Conforme relatado por Mark Gurman, jornalista da Bloomberg, em seu boletim Power On, aqueles que tiveram acesso prévio ao dispositivo elogiaram seu formato reduzido, o tato agradável e a solidez da dobradiça. Aberto, o smartphone apresenta uma interface de aplicativos semelhante à do iPad, adaptada para a tela expandida, favorecendo tarefas de produtividade, streaming de conteúdo, jogos e servindo como um visor aprimorado para a câmera.
Gurman, entretanto, identificou a ausência de uma lente teleobjetiva como uma deficiência no sistema de câmeras do iPhone Ultra, potencialmente desapontando uma parcela dos compradores. Com um custo projetado entre US$ 2.300 e US$ 2.500, patamar acima do iPhone 18 Pro, a funcionalidade de zoom óptico do Ultra seria inferior à do modelo Pro, levantando questionamentos para quem utiliza essa característica regularmente.

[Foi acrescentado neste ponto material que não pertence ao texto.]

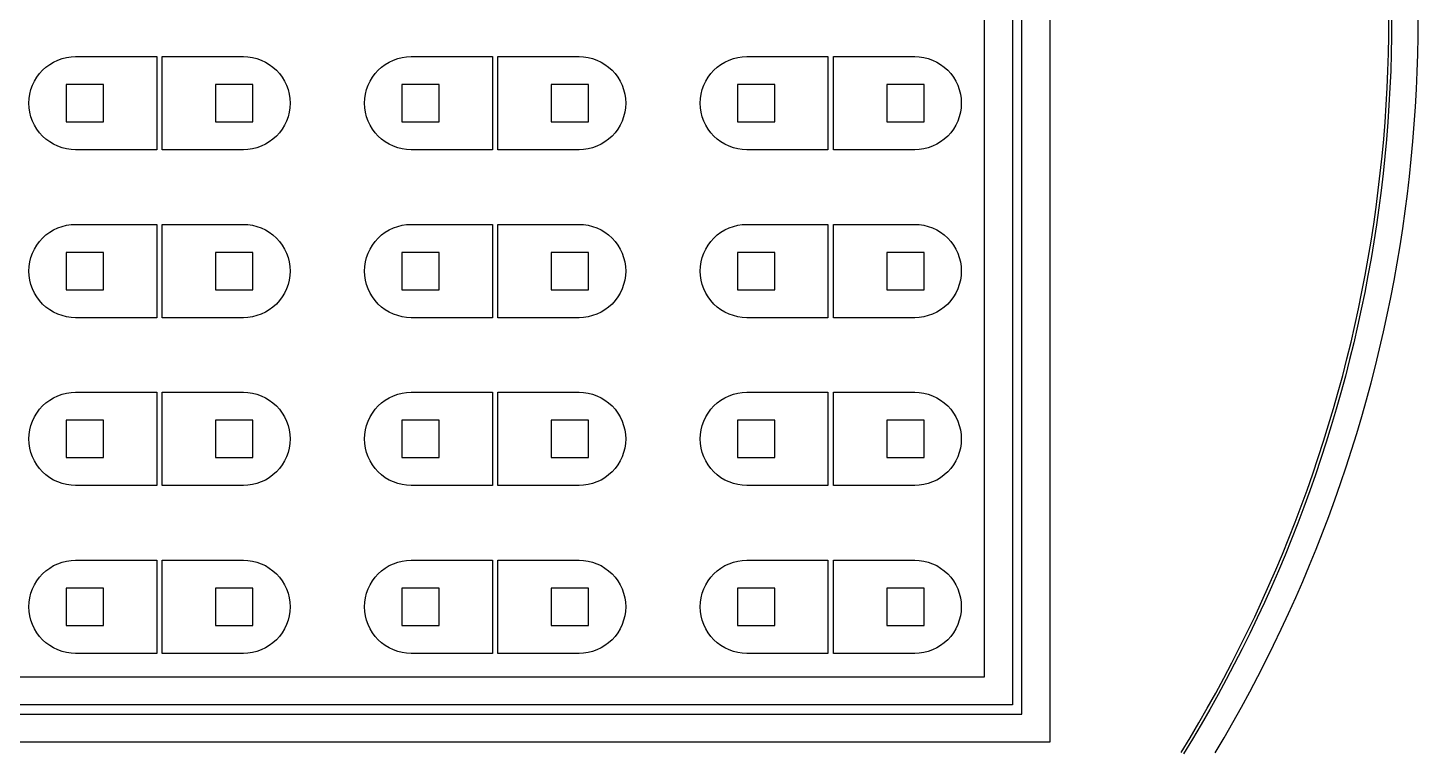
# Model space of a CAD drawing. Extents: x -17 to 130, y -40 to 112.
# Drawn here: x 55.9 to 130.5, y -3 to 35.5 of the extents above; entities that cross this region are included whole.
import ezdxf

# ---------------------------------------------------------------- set-up
doc = ezdxf.new("R2010")
doc.units = 0

msp = doc.modelspace()

# ---------------------------------------------------------------- linework, layer by layer
for p, q in [((110.75, 74.75), (110.75, -2.75)), ((109.25, -1.25), (109.25, 73.25)), ((108.75, 72.75), (108.75, -0.75)), ((107.25, 0.75), (107.25, 71.25)), ((128.919, 35.0806), (128.925, 36)), ((129.075, 36), (129.069, 35.0787)), ((130.494, 35.0612), (130.5, 36)), ((128.902, 34.1613), (128.919, 35.0806)), ((129.069, 35.0787), (129.052, 34.1576)), ((130.477, 34.1226), (130.494, 35.0612)), ((56.914, 33.4325), (57.1111, 33.5787)), ((57.1111, 33.5787), (57.3215, 33.7048)), ((57.3215, 33.7048), (57.5433, 33.8097)), ((57.5433, 33.8097), (57.7743, 33.8923)), ((57.7743, 33.8923), (58.0123, 33.952)), ((58.0123, 33.952), (58.255, 33.988)), ((58.255, 33.988), (58.5, 34)), ((58.5, 34), (62.85, 34)), ((62.85, 34), (62.85, 29)), ((63.15, 29), (63.15, 34)), ((63.15, 34), (67.5, 34)), ((67.5, 34), (67.745, 33.988)), ((67.745, 33.988), (67.9877, 33.952)), ((67.9877, 33.952), (68.2257, 33.8923)), ((68.2257, 33.8923), (68.4567, 33.8097)), ((68.4567, 33.8097), (68.6785, 33.7048)), ((68.6785, 33.7048), (68.8889, 33.5787)), ((68.8889, 33.5787), (69.086, 33.4325)), ((74.914, 33.4325), (75.1111, 33.5787)), ((75.1111, 33.5787), (75.3215, 33.7048)), ((75.3215, 33.7048), (75.5433, 33.8097)), ((75.5433, 33.8097), (75.7743, 33.8923)), ((75.7743, 33.8923), (76.0123, 33.952)), ((76.0123, 33.952), (76.255, 33.988)), ((76.255, 33.988), (76.5, 34)), ((76.5, 34), (80.85, 34)), ((80.85, 34), (80.85, 29)), ((81.15, 29), (81.15, 34)), ((81.15, 34), (85.5, 34)), ((85.5, 34), (85.745, 33.988)), ((85.745, 33.988), (85.9877, 33.952)), ((85.9877, 33.952), (86.2257, 33.8923)), ((86.2257, 33.8923), (86.4567, 33.8097)), ((86.4567, 33.8097), (86.6785, 33.7048)), ((86.6785, 33.7048), (86.8889, 33.5787)), ((86.8889, 33.5787), (87.086, 33.4325)), ((92.914, 33.4325), (93.1111, 33.5787)), ((93.1111, 33.5787), (93.3215, 33.7048)), ((93.3215, 33.7048), (93.5433, 33.8097)), ((93.5433, 33.8097), (93.7743, 33.8923)), ((93.7743, 33.8923), (94.0123, 33.952)), ((94.0123, 33.952), (94.255, 33.988)), ((94.255, 33.988), (94.5, 34)), ((94.5, 34), (98.85, 34)), ((98.85, 34), (98.85, 29)), ((99.15, 29), (99.15, 34)), ((99.15, 34), (103.5, 34)), ((103.5, 34), (103.745, 33.988)), ((103.745, 33.988), (103.988, 33.952)), ((103.988, 33.952), (104.226, 33.8923)), ((104.226, 33.8923), (104.457, 33.8097)), ((104.457, 33.8097), (104.678, 33.7048)), ((104.678, 33.7048), (104.889, 33.5787)), ((104.889, 33.5787), (105.086, 33.4325)), ((128.874, 33.2422), (128.902, 34.1613)), ((129.052, 34.1576), (129.024, 33.2367)), ((130.448, 33.1842), (130.477, 34.1226)), ((56.2952, 32.6785), (56.4213, 32.8889)), ((56.4213, 32.8889), (56.5675, 33.086)), ((56.5675, 33.086), (56.7322, 33.2678)), ((56.7322, 33.2678), (56.914, 33.4325)), ((69.086, 33.4325), (69.2678, 33.2678)), ((69.2678, 33.2678), (69.4325, 33.086)), ((69.4325, 33.086), (69.5787, 32.8889)), ((69.5787, 32.8889), (69.7048, 32.6785)), ((74.2952, 32.6785), (74.4213, 32.8889)), ((74.4213, 32.8889), (74.5675, 33.086)), ((74.5675, 33.086), (74.7322, 33.2678)), ((74.7322, 33.2678), (74.914, 33.4325)), ((87.086, 33.4325), (87.2678, 33.2678)), ((87.2678, 33.2678), (87.4325, 33.086)), ((87.4325, 33.086), (87.5787, 32.8889)), ((87.5787, 32.8889), (87.7048, 32.6785)), ((92.2952, 32.6785), (92.4213, 32.8889)), ((92.4213, 32.8889), (92.5675, 33.086)), ((92.5675, 33.086), (92.7322, 33.2678)), ((92.7322, 33.2678), (92.914, 33.4325)), ((105.086, 33.4325), (105.268, 33.2678)), ((105.268, 33.2678), (105.433, 33.086)), ((105.433, 33.086), (105.579, 32.8889)), ((105.579, 32.8889), (105.705, 32.6785)), ((128.835, 32.3236), (128.874, 33.2422)), ((129.024, 33.2367), (128.985, 32.3163)), ((130.408, 32.2463), (130.448, 33.1842)), ((56.048, 31.9877), (56.1077, 32.2257)), ((56.1077, 32.2257), (56.1903, 32.4567)), ((56.1903, 32.4567), (56.2952, 32.6785)), ((60, 32.5), (58, 32.5)), ((58, 32.5), (58, 30.5)), ((60, 30.5), (60, 32.5)), ((68, 32.5), (66, 32.5)), ((66, 32.5), (66, 30.5)), ((68, 30.5), (68, 32.5)), ((69.7048, 32.6785), (69.8097, 32.4567)), ((69.8097, 32.4567), (69.8923, 32.2257)), ((69.8923, 32.2257), (69.952, 31.9877)), ((74.048, 31.9877), (74.1077, 32.2257)), ((74.1077, 32.2257), (74.1903, 32.4567)), ((74.1903, 32.4567), (74.2952, 32.6785)), ((78, 32.5), (76, 32.5)), ((76, 32.5), (76, 30.5)), ((78, 30.5), (78, 32.5)), ((86, 32.5), (84, 32.5)), ((84, 32.5), (84, 30.5)), ((86, 30.5), (86, 32.5)), ((87.7048, 32.6785), (87.8097, 32.4567)), ((87.8097, 32.4567), (87.8923, 32.2257)), ((87.8923, 32.2257), (87.952, 31.9877)), ((92.048, 31.9877), (92.1077, 32.2257)), ((92.1077, 32.2257), (92.1903, 32.4567)), ((92.1903, 32.4567), (92.2952, 32.6785)), ((96, 32.5), (94, 32.5)), ((94, 32.5), (94, 30.5)), ((96, 30.5), (96, 32.5)), ((104, 32.5), (102, 32.5)), ((102, 32.5), (102, 30.5)), ((104, 30.5), (104, 32.5)), ((105.705, 32.6785), (105.81, 32.4567)), ((105.81, 32.4567), (105.892, 32.2257)), ((105.892, 32.2257), (105.952, 31.9877)), ((128.784, 31.4055), (128.835, 32.3236)), ((128.985, 32.3163), (128.934, 31.3963)), ((130.356, 31.309), (130.408, 32.2463)), ((56, 31.5), (56.012, 31.745)), ((56.012, 31.255), (56, 31.5)), ((56.012, 31.745), (56.048, 31.9877)), ((69.952, 31.9877), (69.988, 31.745)), ((69.988, 31.745), (70, 31.5)), ((70, 31.5), (69.988, 31.255)), ((74, 31.5), (74.012, 31.745)), ((74.012, 31.255), (74, 31.5)), ((74.012, 31.745), (74.048, 31.9877)), ((87.952, 31.9877), (87.988, 31.745)), ((87.988, 31.745), (88, 31.5)), ((88, 31.5), (87.988, 31.255)), ((92, 31.5), (92.012, 31.745)), ((92.012, 31.255), (92, 31.5)), ((92.012, 31.745), (92.048, 31.9877)), ((105.952, 31.9877), (105.988, 31.745)), ((105.988, 31.745), (106, 31.5)), ((106, 31.5), (105.988, 31.255)), ((128.722, 30.4882), (128.784, 31.4055)), ((128.934, 31.3963), (128.872, 30.4771)), ((56.048, 31.0123), (56.012, 31.255)), ((56.1077, 30.7743), (56.048, 31.0123)), ((56.1903, 30.5433), (56.1077, 30.7743)), ((69.8923, 30.7743), (69.8097, 30.5433)), ((69.952, 31.0123), (69.8923, 30.7743)), ((69.988, 31.255), (69.952, 31.0123)), ((74.048, 31.0123), (74.012, 31.255)), ((74.1077, 30.7743), (74.048, 31.0123)), ((74.1903, 30.5433), (74.1077, 30.7743)), ((87.8923, 30.7743), (87.8097, 30.5433)), ((87.952, 31.0123), (87.8923, 30.7743)), ((87.988, 31.255), (87.952, 31.0123)), ((92.048, 31.0123), (92.012, 31.255)), ((92.1077, 30.7743), (92.048, 31.0123)), ((92.1903, 30.5433), (92.1077, 30.7743)), ((105.892, 30.7743), (105.81, 30.5433)), ((105.952, 31.0123), (105.892, 30.7743)), ((105.988, 31.255), (105.952, 31.0123)), ((130.293, 30.3723), (130.356, 31.309)), ((56.2952, 30.3215), (56.1903, 30.5433)), ((56.4213, 30.1111), (56.2952, 30.3215)), ((56.5675, 29.914), (56.4213, 30.1111)), ((56.7322, 29.7322), (56.5675, 29.914)), ((58, 30.5), (60, 30.5)), ((66, 30.5), (68, 30.5)), ((69.4325, 29.914), (69.2678, 29.7322)), ((69.5787, 30.1111), (69.4325, 29.914)), ((69.7048, 30.3215), (69.5787, 30.1111)), ((69.8097, 30.5433), (69.7048, 30.3215)), ((74.2952, 30.3215), (74.1903, 30.5433)), ((74.4213, 30.1111), (74.2952, 30.3215)), ((74.5675, 29.914), (74.4213, 30.1111)), ((74.7322, 29.7322), (74.5675, 29.914)), ((76, 30.5), (78, 30.5)), ((84, 30.5), (86, 30.5)), ((87.4325, 29.914), (87.2678, 29.7322)), ((87.5787, 30.1111), (87.4325, 29.914)), ((87.7048, 30.3215), (87.5787, 30.1111)), ((87.8097, 30.5433), (87.7048, 30.3215)), ((92.2952, 30.3215), (92.1903, 30.5433)), ((92.4213, 30.1111), (92.2952, 30.3215)), ((92.5675, 29.914), (92.4213, 30.1111)), ((92.7322, 29.7322), (92.5675, 29.914)), ((94, 30.5), (96, 30.5)), ((102, 30.5), (104, 30.5)), ((105.433, 29.914), (105.268, 29.7322)), ((105.579, 30.1111), (105.433, 29.914)), ((105.705, 30.3215), (105.579, 30.1111)), ((105.81, 30.5433), (105.705, 30.3215)), ((128.649, 29.5716), (128.722, 30.4882)), ((128.872, 30.4771), (128.798, 29.5588)), ((130.218, 29.4365), (130.293, 30.3723)), ((56.914, 29.5675), (56.7322, 29.7322)), ((57.1111, 29.4213), (56.914, 29.5675)), ((57.3215, 29.2952), (57.1111, 29.4213)), ((57.5433, 29.1903), (57.3215, 29.2952)), ((57.7743, 29.1077), (57.5433, 29.1903)), ((58.0123, 29.048), (57.7743, 29.1077)), ((68.2257, 29.1077), (67.9877, 29.048)), ((68.4567, 29.1903), (68.2257, 29.1077)), ((68.6785, 29.2952), (68.4567, 29.1903)), ((68.8889, 29.4213), (68.6785, 29.2952)), ((69.086, 29.5675), (68.8889, 29.4213)), ((69.2678, 29.7322), (69.086, 29.5675)), ((74.914, 29.5675), (74.7322, 29.7322)), ((75.1111, 29.4213), (74.914, 29.5675)), ((75.3215, 29.2952), (75.1111, 29.4213)), ((75.5433, 29.1903), (75.3215, 29.2952)), ((75.7743, 29.1077), (75.5433, 29.1903)), ((76.0123, 29.048), (75.7743, 29.1077)), ((86.2257, 29.1077), (85.9877, 29.048)), ((86.4567, 29.1903), (86.2257, 29.1077)), ((86.6785, 29.2952), (86.4567, 29.1903)), ((86.8889, 29.4213), (86.6785, 29.2952)), ((87.086, 29.5675), (86.8889, 29.4213)), ((87.2678, 29.7322), (87.086, 29.5675)), ((92.914, 29.5675), (92.7322, 29.7322)), ((93.1111, 29.4213), (92.914, 29.5675)), ((93.3215, 29.2952), (93.1111, 29.4213)), ((93.5433, 29.1903), (93.3215, 29.2952)), ((93.7743, 29.1077), (93.5433, 29.1903)), ((94.0123, 29.048), (93.7743, 29.1077)), ((104.226, 29.1077), (103.988, 29.048)), ((104.457, 29.1903), (104.226, 29.1077)), ((104.678, 29.2952), (104.457, 29.1903)), ((104.889, 29.4213), (104.678, 29.2952)), ((105.086, 29.5675), (104.889, 29.4213)), ((105.268, 29.7322), (105.086, 29.5675)), ((128.564, 28.6561), (128.649, 29.5716)), ((128.798, 29.5588), (128.713, 28.6414)), ((130.132, 28.5017), (130.218, 29.4365)), ((58.255, 29.012), (58.0123, 29.048)), ((58.5, 29), (58.255, 29.012)), ((62.85, 29), (58.5, 29)), ((67.5, 29), (63.15, 29)), ((67.745, 29.012), (67.5, 29)), ((67.9877, 29.048), (67.745, 29.012)), ((76.255, 29.012), (76.0123, 29.048)), ((76.5, 29), (76.255, 29.012)), ((80.85, 29), (76.5, 29)), ((85.5, 29), (81.15, 29)), ((85.745, 29.012), (85.5, 29)), ((85.9877, 29.048), (85.745, 29.012)), ((94.255, 29.012), (94.0123, 29.048)), ((94.5, 29), (94.255, 29.012)), ((98.85, 29), (94.5, 29)), ((103.5, 29), (99.15, 29)), ((103.745, 29.012), (103.5, 29)), ((103.988, 29.048), (103.745, 29.012)), ((128.468, 27.7416), (128.564, 28.6561)), ((128.713, 28.6414), (128.618, 27.7251)), ((130.034, 27.568), (130.132, 28.5017)), ((128.362, 26.8284), (128.468, 27.7416)), ((128.618, 27.7251), (128.51, 26.81)), ((129.925, 26.6356), (130.034, 27.568)), ((128.243, 25.9165), (128.362, 26.8284)), ((128.51, 26.81), (128.392, 25.8964)), ((129.804, 25.7046), (129.925, 26.6356)), ((128.114, 25.0062), (128.243, 25.9165)), ((128.392, 25.8964), (128.262, 24.9842)), ((129.672, 24.7751), (129.804, 25.7046)), ((57.1111, 24.5787), (57.3215, 24.7048)), ((57.3215, 24.7048), (57.5433, 24.8097)), ((57.5433, 24.8097), (57.7743, 24.8923)), ((57.7743, 24.8923), (58.0123, 24.952)), ((58.0123, 24.952), (58.255, 24.988)), ((58.255, 24.988), (58.5, 25)), ((58.5, 25), (62.85, 25)), ((62.85, 25), (62.85, 20)), ((63.15, 20), (63.15, 25)), ((63.15, 25), (67.5, 25)), ((67.5, 25), (67.745, 24.988)), ((67.745, 24.988), (67.9877, 24.952)), ((67.9877, 24.952), (68.2257, 24.8923)), ((68.2257, 24.8923), (68.4567, 24.8097)), ((68.4567, 24.8097), (68.6785, 24.7048)), ((68.6785, 24.7048), (68.8889, 24.5787)), ((75.1111, 24.5787), (75.3215, 24.7048)), ((75.3215, 24.7048), (75.5433, 24.8097)), ((75.5433, 24.8097), (75.7743, 24.8923)), ((75.7743, 24.8923), (76.0123, 24.952)), ((76.0123, 24.952), (76.255, 24.988)), ((76.255, 24.988), (76.5, 25)), ((76.5, 25), (80.85, 25)), ((80.85, 25), (80.85, 20)), ((81.15, 20), (81.15, 25)), ((81.15, 25), (85.5, 25)), ((85.5, 25), (85.745, 24.988)), ((85.745, 24.988), (85.9877, 24.952)), ((85.9877, 24.952), (86.2257, 24.8923)), ((86.2257, 24.8923), (86.4567, 24.8097)), ((86.4567, 24.8097), (86.6785, 24.7048)), ((86.6785, 24.7048), (86.8889, 24.5787)), ((93.1111, 24.5787), (93.3215, 24.7048)), ((93.3215, 24.7048), (93.5433, 24.8097)), ((93.5433, 24.8097), (93.7743, 24.8923)), ((93.7743, 24.8923), (94.0123, 24.952)), ((94.0123, 24.952), (94.255, 24.988)), ((94.255, 24.988), (94.5, 25)), ((94.5, 25), (98.85, 25)), ((98.85, 25), (98.85, 20)), ((99.15, 20), (99.15, 25)), ((99.15, 25), (103.5, 25)), ((103.5, 25), (103.745, 24.988)), ((103.745, 24.988), (103.988, 24.952)), ((103.988, 24.952), (104.226, 24.8923)), ((104.226, 24.8923), (104.457, 24.8097)), ((104.457, 24.8097), (104.678, 24.7048)), ((104.678, 24.7048), (104.889, 24.5787)), ((127.974, 24.0976), (128.114, 25.0062)), ((128.262, 24.9842), (128.122, 24.0737)), ((129.529, 23.8474), (129.672, 24.7751)), ((56.2952, 23.6785), (56.4213, 23.8889)), ((56.4213, 23.8889), (56.5675, 24.086)), ((56.5675, 24.086), (56.7322, 24.2678)), ((56.7322, 24.2678), (56.914, 24.4325)), ((56.914, 24.4325), (57.1111, 24.5787)), ((68.8889, 24.5787), (69.086, 24.4325)), ((69.086, 24.4325), (69.2678, 24.2678)), ((69.2678, 24.2678), (69.4325, 24.086)), ((69.4325, 24.086), (69.5787, 23.8889)), ((69.5787, 23.8889), (69.7048, 23.6785)), ((74.2952, 23.6785), (74.4213, 23.8889)), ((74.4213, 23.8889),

Informações sugerem que a Apple focou intensamente na resistência da tela interna, um dos maiores desafios em aparelhos dobráveis, desde as fases iniciais de desenvolvimento. Essa prioridade se alcontra com a experiência de outros fabricantes, como o Galaxy Z Fold 8, onde a marca da dobra se tornou visível rapidamente. A boa aceitação da dobradiça pelos primeiros avaliadores valida a abordagem da Apple de ingressar tardiamente no segmento de dobráveis, mas com a meta clara de se destacar pela excelência construtiva e pela durabilidade, o que é crucial para justificar seu preço premium e conquistar a confiança do consumidor em uma categoria ainda em amadurecimento.
Apesar dos progressos, o conjunto da dobradiça e da tela flexível encontrou obstáculos maiores que o previsto durante os ensaios de pré-produção, com complexidades na busca por soluções de engenharia. Embora as poucas unidades examinadas demonstrem alta performance, isso não garante um resultado igualmente positivo na fabricação em massa. Além disso, o feedback favorável não deve adiantar a data prevista para o lançamento.
Espera-se que o anúncio oficial do iPhone Ultra ocorra sem a divulgação do preço, apenas com uma projeção para a data de chegada ao mercado, e com uma distribuição inicialmente limitada aos Estados Unidos. Não há confirmação se o Japão será um dos primeiros países a receber o dispositivo. Em caso de postergações, a disponibilização para outras localidades pode demorar entre dois e três meses. Dessa forma, consumidores que buscam um novo smartphone no outono do hemisfério norte provavelmente considerarão o iPhone 18 Pro/Pro Max como sua principal alternativa, dada a disponibilidade restrita do iPhone Ultra antes do encerramento do ano.